You would need at least a 3/4" lag screw.

The problem with trying to use a dowel to 'strengthen' the hole is it would need to be glued into the hole.

It might be easier to drill holes in your bracket in a new spot. As long as you are about 1/2" or more away from an empty hole....strength will be fine.


----------



## jaydoc (Jan 17, 2017)

ddawg16 said:


> 5/8"? I'm surprised it didn't dawn on you that seemed a little big.
> 
> You would need at least a 3/4" lag screw.
> 
> ...



I know right. SMH. I took to diy projects only recently and this was an older mount already installed in a different place by the previous owners of our home. 

If strength will not be impacted I will drill new holes near the older ones. I had them measured out at the height at which I wanted the TV. So half an inch to the right is what I will try to do.


----------



## FrodoOne (Mar 4, 2016)

jaydoc said:


> So half an inch to the right is what I will try to do.


Even assuming that the original hole was in the exact centre of the stud concerned, drilling a 7/32" hole "half an inch to the right" in what is, probably, "nominally" a 2" stud could get you mighty close to the edge of such a stud.

Much better to go up or down 1/2 inch.

(While I do not know the size of your TV nor the type of "bracket" that you have, all brackets for large size TVs that I have dealt with over the last few years have holes spaced virtually at about 1/2" intervals to allow for such adjustments.)
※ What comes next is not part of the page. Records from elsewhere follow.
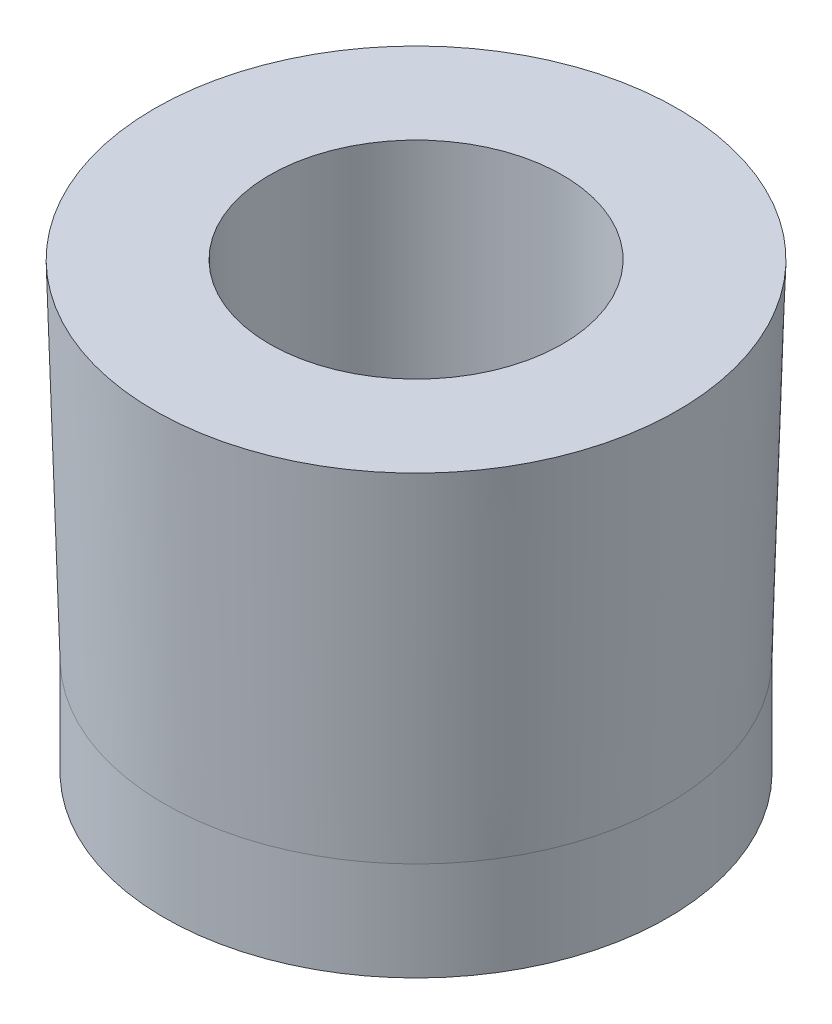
ISO-10303-21;
HEADER;
FILE_DESCRIPTION(('STEP AP214'),'2;1');
FILE_NAME('part.step','',(''),(''),'','','');
FILE_SCHEMA(('AUTOMOTIVE_DESIGN { 1 0 10303 214 1 1 1 1 }'));
ENDSEC;
DATA;
#1=APPLICATION_CONTEXT('core data for automotive mechanical design processes');
#2=APPLICATION_PROTOCOL_DEFINITION('international standard','automotive_design',2000,#1);
#3=PRODUCT_CONTEXT('',#1,'mechanical');
#4=PRODUCT('Part','Part','',(#3));
#5=PRODUCT_RELATED_PRODUCT_CATEGORY('part','',(#4));
#6=PRODUCT_DEFINITION_FORMATION('','',#4);
#7=PRODUCT_DEFINITION_CONTEXT('part definition',#1,'design');
#8=PRODUCT_DEFINITION('design','',#6,#7);
#9=PRODUCT_DEFINITION_SHAPE('','',#8);
#10=(LENGTH_UNIT() NAMED_UNIT(*) SI_UNIT(.MILLI.,.METRE.));
#11=(NAMED_UNIT(*) PLANE_ANGLE_UNIT() SI_UNIT($,.RADIAN.));
#12=(NAMED_UNIT(*) SI_UNIT($,.STERADIAN.) SOLID_ANGLE_UNIT());
#13=UNCERTAINTY_MEASURE_WITH_UNIT(LENGTH_MEASURE(1.E-05),#10,'distance_accuracy_value','');
#14=(GEOMETRIC_REPRESENTATION_CONTEXT(3) GLOBAL_UNCERTAINTY_ASSIGNED_CONTEXT((#13)) GLOBAL_UNIT_ASSIGNED_CONTEXT((#10,
#11,#12)) REPRESENTATION_CONTEXT('',''));
#15=CARTESIAN_POINT('',(0.,0.,0.));
#16=DIRECTION('',(0.,0.,1.));
#17=DIRECTION('',(1.,0.,0.));
#18=AXIS2_PLACEMENT_3D('',#15,#16,#17);
#19=CARTESIAN_POINT('',(1.9431,-4.31800000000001,0.));
#20=DIRECTION('',(0.,1.,0.));
#21=DIRECTION('',(-1.,0.,0.));
#22=AXIS2_PLACEMENT_3D('',#19,#20,#21);
#23=PLANE('',#22);
#24=CARTESIAN_POINT('',(0.,-4.31800000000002,0.));
#25=DIRECTION('',(0.,1.,0.));
#26=DIRECTION('',(0.,0.,1.));
#27=AXIS2_PLACEMENT_3D('',#24,#25,#26);
#28=CIRCLE('',#27,1.1303);
#29=CARTESIAN_POINT('',(0.,-4.31800000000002,1.1303));
#30=VERTEX_POINT('',#29);
#31=EDGE_CURVE('E42',#30,#30,#28,.T.);
#32=ORIENTED_EDGE('',*,*,#31,.T.);
#33=EDGE_LOOP('',(#32));
#34=FACE_BOUND('',#33,.T.);
#35=CARTESIAN_POINT('',(0.,-4.31799999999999,0.));
#36=DIRECTION('',(0.,1.,0.));
#37=DIRECTION('',(-1.,0.,0.));
#38=AXIS2_PLACEMENT_3D('',#35,#36,#37);
#39=CIRCLE('',#38,1.94310000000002);
#40=CARTESIAN_POINT('',(-1.94310000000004,-4.31799999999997,0.));
#41=VERTEX_POINT('',#40);
#42=EDGE_CURVE('E10',#41,#41,#39,.T.);
#43=ORIENTED_EDGE('',*,*,#42,.F.);
#44=EDGE_LOOP('',(#43));
#45=FACE_BOUND('',#44,.T.);
#46=ADVANCED_FACE('F28',(#34,#45),#23,.F.);
#47=CARTESIAN_POINT('',(0.,0.,0.));
#48=DIRECTION('',(0.,1.,0.));
#49=DIRECTION('',(-1.,0.,0.));
#50=AXIS2_PLACEMENT_3D('',#47,#48,#49);
#51=CYLINDRICAL_SURFACE('',#50,1.94310000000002);
#52=CARTESIAN_POINT('',(0.,-3.55599999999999,0.));
#53=DIRECTION('',(0.,1.,0.));
#54=DIRECTION('',(-1.,0.,0.));
#55=AXIS2_PLACEMENT_3D('',#52,#53,#54);
#56=CIRCLE('',#55,1.94310000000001);
#57=CARTESIAN_POINT('',(-1.94310000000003,-3.55599999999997,0.));
#58=VERTEX_POINT('',#57);
#59=EDGE_CURVE('E34',#58,#58,#56,.T.);
#60=ORIENTED_EDGE('',*,*,#59,.F.);
#61=EDGE_LOOP('',(#60));
#62=FACE_BOUND('',#61,.T.);
#63=ORIENTED_EDGE('',*,*,#42,.T.);
#64=EDGE_LOOP('',(#63));
#65=FACE_BOUND('',#64,.T.);
#66=ADVANCED_FACE('F61',(#62,#65),#51,.T.);
#67=CARTESIAN_POINT('',(0.,-3.55599999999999,0.));
#68=DIRECTION('',(0.,1.,0.));
#69=DIRECTION('',(-1.,0.,0.));
#70=AXIS2_PLACEMENT_3D('',#67,#68,#69);
#71=CONICAL_SURFACE('',#70,1.94310000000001,0.0285636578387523);
#72=CARTESIAN_POINT('',(0.,-0.888999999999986,0.));
#73=DIRECTION('',(0.,1.,0.));
#74=DIRECTION('',(-1.,0.,0.));
#75=AXIS2_PLACEMENT_3D('',#72,#73,#74);
#76=CIRCLE('',#75,2.01929999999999);
#77=CARTESIAN_POINT('',(-2.01929999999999,-0.888999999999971,0.));
#78=VERTEX_POINT('',#77);
#79=EDGE_CURVE('E38',#78,#78,#76,.T.);
#80=ORIENTED_EDGE('',*,*,#79,.F.);
#81=EDGE_LOOP('',(#80));
#82=FACE_BOUND('',#81,.T.);
#83=ORIENTED_EDGE('',*,*,#59,.T.);
#84=EDGE_LOOP('',(#83));
#85=FACE_BOUND('',#84,.T.);
#86=ADVANCED_FACE('F56',(#82,#85),#71,.T.);
#87=CARTESIAN_POINT('',(0.,-0.888999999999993,0.));
#88=DIRECTION('',(0.,-1.,0.));
#89=DIRECTION('',(1.,0.,0.));
#90=AXIS2_PLACEMENT_3D('',#87,#88,#89);
#91=PLANE('',#90);
#92=CARTESIAN_POINT('',(0.,-0.888999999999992,0.));
#93=DIRECTION('',(0.,1.,0.));
#94=DIRECTION('',(0.,0.,1.));
#95=AXIS2_PLACEMENT_3D('',#92,#93,#94);
#96=CIRCLE('',#95,1.13029999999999);
#97=CARTESIAN_POINT('',(0.,-0.888999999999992,1.13029999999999));
#98=VERTEX_POINT('',#97);
#99=EDGE_CURVE('E47',#98,#98,#96,.T.);
#100=ORIENTED_EDGE('',*,*,#99,.F.);
#101=EDGE_LOOP('',(#100));
#102=FACE_BOUND('',#101,.T.);
#103=ORIENTED_EDGE('',*,*,#79,.T.);
#104=EDGE_LOOP('',(#103));
#105=FACE_BOUND('',#104,.T.);
#106=ADVANCED_FACE('F53',(#102,#105),#91,.F.);
#107=CARTESIAN_POINT('',(0.,-0.888999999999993,0.));
#108=DIRECTION('',(0.,1.,0.));
#109=DIRECTION('',(0.,0.,1.));
#110=AXIS2_PLACEMENT_3D('',#107,#108,#109);
#111=CYLINDRICAL_SURFACE('',#110,1.13029999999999);
#112=ORIENTED_EDGE('',*,*,#31,.F.);
#113=EDGE_LOOP('',(#112));
#114=FACE_BOUND('',#113,.T.);
#115=ORIENTED_EDGE('',*,*,#99,.T.);
#116=EDGE_LOOP('',(#115));
#117=FACE_BOUND('',#116,.T.);
#118=ADVANCED_FACE('F51',(#114,#117),#111,.F.);
#119=CLOSED_SHELL('',(#46,#66,#86,#106,#118));
#120=MANIFOLD_SOLID_BREP('B2',#119);
#121=ADVANCED_BREP_SHAPE_REPRESENTATION('',(#18,#120),#14);
#122=SHAPE_DEFINITION_REPRESENTATION(#9,#121);
ENDSEC;
END-ISO-10303-21;

Since one bolt "broke off and is now stuck deep in the stud", you cannot use that hole, nor any other hole "aligned" to it.


----------



## 123pugsy (Oct 6, 2012)

FrodoOne said:


> Even assuming that the original hole was in the exact centre of the stud concerned, drilling a 7/32" hole "half an inch to the right" in what is, probably, "nominally" a 2" stud could get you mighty close to the edge of such a stud.
> 
> Much better to go up or down 1/2 inch.
> 
> ...


X2, go up or down about 1/2" or even 3/4".

Get yourself a piece of scrap wood, drill a hole and test your bolt.
It appears you need to learn a bit, so testing things before you do them may help a lot.


----------



## Bud9051 (Nov 11, 2015)

Hi jay,
A calibrated wrist that will tell you to stop before you snap a bolt takes awhile to develop, but we all snapped a few in the beginning.
When selecting a drill size to pre-drill your hole, hold both up to the light with the drill bit in front of the screw or lag bolt. If you can't see threads on both sides the drill bit is too big. If you can see the entire thread on both sides, but only threads it is probably good. If you see the entire thread on both side plus the shaft then you need to be careful, that calibrated wrist. Fine tuning that selection depends upon the type of wood and how much weight it will have to hold. 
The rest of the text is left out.